本人の目の前でデマを吹聴しようとする千冬と見事にそれに乗せられやや興奮気味の真耶に出会した真名人は、辟易しながらそれぞれの対応にあたる。

 

「ぷっ…くくっ、すまない。久々に貴様のアホ面を見たくて我慢出来ずに揶揄ってしまった。他意は無いし悪いとも思っていない」

 

「…ここまでハッキリ開き直られると、逆に清々しいですよ。僕じゃなかったら今頃訴えられてますよ?」

 

「安心しろ。こんなことは貴様にしかやらんし、例え訴えられたとしても確実に示談に持って行く自信があるぞ」ドーンっ

 

「いやいやいや、そんなこと胸張って自慢気になられてもうおっ、大きい…」

 

何故か得意になって胸を張る千冬の強調された巨乳ぶりに目を奪われ、言葉の途中から思考の殆どを侵略される真名人。この時点で既におかしいのだが、当人達からすればこれらは割と普段通りの戯れであったりする。
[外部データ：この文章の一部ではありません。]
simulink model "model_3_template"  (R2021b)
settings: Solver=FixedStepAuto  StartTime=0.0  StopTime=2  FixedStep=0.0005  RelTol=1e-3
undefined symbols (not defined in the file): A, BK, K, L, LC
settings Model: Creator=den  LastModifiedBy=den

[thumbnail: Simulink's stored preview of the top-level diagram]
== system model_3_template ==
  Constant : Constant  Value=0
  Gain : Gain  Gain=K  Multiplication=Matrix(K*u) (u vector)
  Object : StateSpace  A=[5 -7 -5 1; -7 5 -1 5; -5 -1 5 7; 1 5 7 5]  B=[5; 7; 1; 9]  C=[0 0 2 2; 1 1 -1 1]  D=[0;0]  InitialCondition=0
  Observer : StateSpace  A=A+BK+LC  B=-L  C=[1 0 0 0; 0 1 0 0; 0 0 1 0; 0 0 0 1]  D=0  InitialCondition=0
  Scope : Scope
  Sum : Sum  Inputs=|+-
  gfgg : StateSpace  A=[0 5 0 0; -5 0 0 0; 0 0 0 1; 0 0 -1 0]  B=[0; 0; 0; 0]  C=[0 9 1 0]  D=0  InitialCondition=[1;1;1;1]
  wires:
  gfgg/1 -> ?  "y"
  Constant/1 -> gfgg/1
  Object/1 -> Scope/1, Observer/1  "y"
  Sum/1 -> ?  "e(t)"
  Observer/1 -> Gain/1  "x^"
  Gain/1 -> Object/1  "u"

なので当然横で黙っていないお方もいるわけで。

 

「何だ上月、私の胸なんかで興奮してるのか?こんなもの見たって面白くも何ともないだろうに」

 

「いいえ、そんなつもりは「ほれっ」あぁすぅ…ぐっ、くふっ…!?よ、寄せるの卑怯…ですから!?くぅ…小憎らしい織斑先生の胸だと頭では理解しているのに、罠だと分かっているのにぃ…何で視線を逸らせないんだぁ!?」

 

「ま、真名人君!?ほらっ、胸なら私の方が大きいですよっ!それに先輩よりも柔らかいですし、若さも張りもあります…多分!」

 

「はあぁぁ…!!セ、センシティブ!山田先生、そんなに身を乗り出すとお乳が大変なことにあぁ、デカい!!今日、僕死ぬんですか!?何か一生分の運を使い果たしているような気が…」

 

わざとらしく自分の両手でその豊満な胸を寄せて強調する千冬と、それに対抗するようにずいっと身を乗り出して千冬以上の胸元を見せつける真耶…そして、例に漏れず心の声がダダ漏れの真名人。朝から大変カオスな状況である。

 

「とまぁ冗談はさておくとして」

 

「なんてタチの悪い…それが大人のすることですか?」

 

「あ、あはは…わ、私も悪ノリしちゃいました〜」

 

一転して浮ついた話題を切り捨て普段のクールな千冬に戻る。切り替えの早さに真名人と真耶は脱帽してしまうが、これが彼女なりの気の遣い方なのだろう。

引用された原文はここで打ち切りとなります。